I'm currently doing Advent of Code in Rust to learn and yesterday (Day 07) was the first time I really struggled to implement the solution. Basically, the solution called for a tree. Reading through the countless posts regarding what makes it hard to implement them properly in Rust, I think I understand why this is the case and that there is no "simple" way around that while keeping all the other guarantees.
Still, I wanted to give it a shot and followed this Medium article. As one commenter points out, the implementation is flawed since it creates cyclic references and thus the memory will never be freed. For this reason, I used std::rc::Weak rather than std::rc::Rc for the back references.
I managed to get it work, but TBH I'm not sure I understand everything I did myself. I want to do a deep dive into what is happening, but before I do that I'm looking for possible simplification. Maybe I simply did a stupid thing out of ignorance. A potential diff might also help me understanding.
As I mentioned before, it is a misunderstanding on your part that trees can't be easily represented in Rust. What I think you might have read is that general graphs aren't, but trees are specifically well-suited for Rust's single-ownership (i.e., one parent) model.
Accordingly, you don't need any reference counting, interior mutability, parent/sibling links, or cyclic/self-references in order to solve this problem: Playground.
The gist of the type definition is a Node, containing a Vec<Node> representing children. Both computations the puzzle asks for are basically nothing more than a depth-first, post-order traversal, differing only in the accumulator, and then a single minimum finding at the end of the 2nd task. Parsing and construction of the FS tree can also be regarded as a depth-first, pre-order traversal if you look at it the right way (i.e., top-down). Hence, everything simplifies down to a single basic recursion pattern, which lends itself naturally to a single-ownership tree representation.

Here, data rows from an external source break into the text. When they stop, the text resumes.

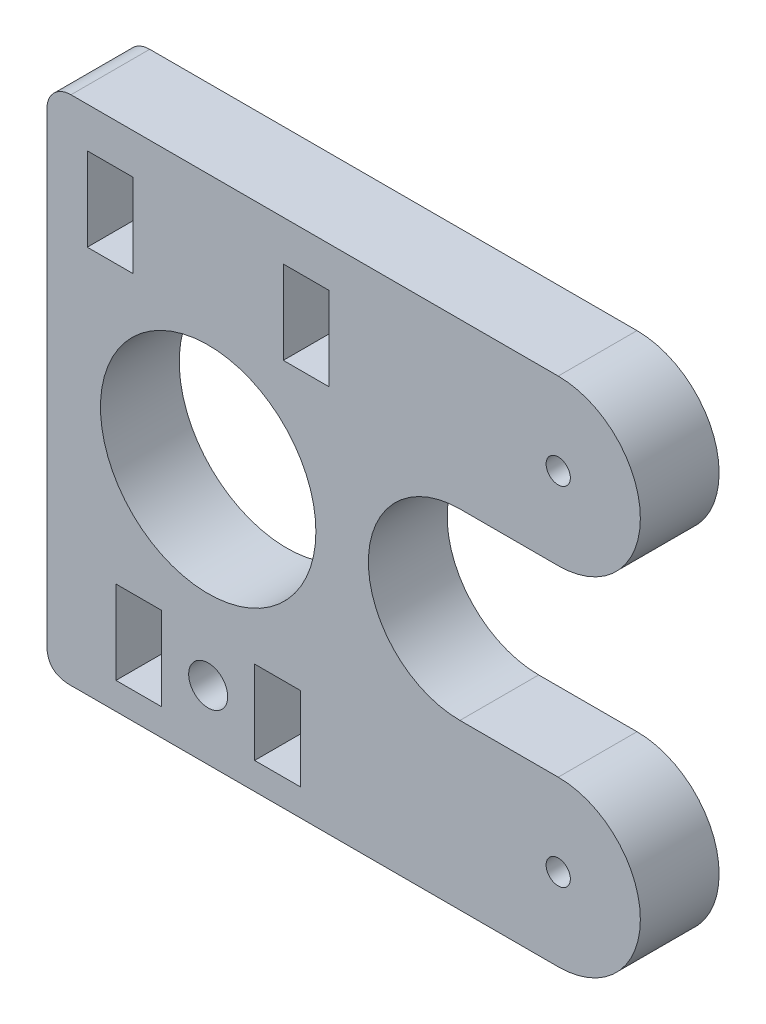
SolidWorks part; units mm, degrees
material "Acrylic (Medium-high impact)"
ref_plane "Front Plane" through (0, 0, 0) normal (0, 0, 1) x (1, 0, 0)
ref_plane "Top Plane" through (0, 0, 0) normal (0, 1, 0) x (1, 0, 0)
ref_plane "Right Plane" through (0, 0, 0) normal (1, 0, 0) x (0, 0, -1)
sketch "Sketch1" plane through (0, 0, 0) normal (0, 0, 1) x (1, 0, 0)
  line L0 (669.2168, 349.7655) -> (648.5357, 349.7655)
  line L1 (646.7465, 347.9762) -> (646.7465, 313.4546)
  line L2 (648.7733, 311.7655) -> (669.2168, 311.7655)
  line L3 (653.1465, 340.5655) -> (653.1465, 346.7655)
  line L4 (653.1465, 346.7655) -> (649.7465, 346.7655)
  line L5 (649.7465, 346.7655) -> (649.7465, 340.5655)
  line L6 (649.7465, 340.5655) -> (653.1465, 340.5655)
  line L7 (651.8765, 313.7655) -> (655.2765, 313.7655)
  line L8 (655.2765, 313.7655) -> (655.2765, 319.9655)
  line L9 (655.2765, 319.9655) -> (651.8765, 319.9655)
  line L10 (651.8765, 319.9655) -> (651.8765, 313.7655)
  line L11 (667.7065, 340.5655) -> (667.7065, 346.7655)
  line L12 (667.7065, 346.7655) -> (664.3065, 346.7655)
  line L13 (664.3065, 346.7655) -> (664.3065, 340.5655)
  line L14 (664.3065, 340.5655) -> (667.7065, 340.5655)
  line L15 (662.1765, 319.9655) -> (662.1765, 313.7655)
  line L16 (662.1765, 313.7655) -> (665.5765, 313.7655)
  line L17 (665.5765, 313.7655) -> (665.5765, 319.9655)
  line L18 (665.5765, 319.9655) -> (662.1765, 319.9655)
  line L19 (-318.4867, 330.7655) -> (49681.5133, 330.7655) construction
  line L20 (669.2168, -652.8598) -> (669.2168, 49347.1402) construction
  line L21 (653.1465, 340.5655) -> (664.3065, 340.5655) construction
  line L22 (657.2765, 316.8655) -> (655.2765, 316.8655) construction
  line L23 (660.1765, 316.8655) -> (662.1765, 316.8655) construction
  line L24 (658.7265, -666.0306) -> (658.7265, 49333.9694) construction
  line L25 (669.2168, 311.7655) -> (684.7265, 311.7655)
  line L26 (669.2168, 349.7655) -> (684.7265, 349.7655)
  line L27 (684.7265, 317.8655) -> (684.7265, 330.7655) construction
  line L28 (684.7265, 330.7655) -> (684.7265, 343.6655) construction
  line L29 (684.7265, -670.5722) -> (684.7265, 49329.4278) construction
  line L30 (662.1765, 330.7655) -> (662.1765, 349.7655) construction
  line L31 (662.1765, 330.7655) -> (662.1765, 311.7655) construction
  line L32 (684.7265, 337.5655) -> (677.4255, 337.5655)
  line L33 (684.7265, 323.9655) -> (677.4255, 323.9655)
  circle A0 centre (684.7265, 343.6655) radius 0.8999
  circle A1 centre (684.7265, 317.8655) radius 0.8999
  arc A2 (684.7265, 311.7655) -> (684.7265, 323.9655) centre (684.7265, 317.8655) ccw
  circle A3 centre (658.7265, 316.8655) radius 1.45
  arc A4 (646.7465, 347.9762) -> (648.5357, 349.7655) centre (648.5357, 347.9762) cw
  arc A5 (684.7265, 349.7655) -> (684.7265, 337.5655) centre (684.7265, 343.6655) cw
  arc A6 (677.4255, 337.5655) -> (677.4255, 323.9655) centre (677.4255, 330.7655) ccw
  circle A8 centre (658.7265, 330.7655) radius 8
  spline S7 degree 2 poles (646.7465, 313.4546) (646.7465, 311.6465) (648.7733, 311.7655) knots 0 0 0 1 1 1
  point P27 (658.7265, 340.5655)
  dimension "D5" = 2.9
  dimension "D12" = 26
  dimension "D1" = 2
  dimension "D2" = 6.2
  dimension "D3" = 3.4
  dimension "D4" = 3.4
  dimension "D6" = 11.16
  dimension "D7" = 3
  dimension "D8" = 3
  dimension "D9" = 2
  dimension "D10" = 33
  dimension "D11" = 12.9
extrude "Boss-Extrude2" add sketch "Sketch1" along normal blind 5.85

and was hit with E0072. Just skimming over the error, I failed to realize that just the parent field was the issue rather than children as well. I cannot fully reproduce the further search history, but basically this threw me off looking for tree implementations that could handle this. Ultimately, this is how I ended up with the monstrosity above.
The reason I wanted the back reference to the parent in the first place, was an (possibly micro-) optimization: your example basically creates the tree first and afterwards traverses and aggregates everything. My implementation does the aggregation during the construction so I only have to traverse later.
Let me try to "reproduce" your solution. Maybe I find a few more nuggets in there.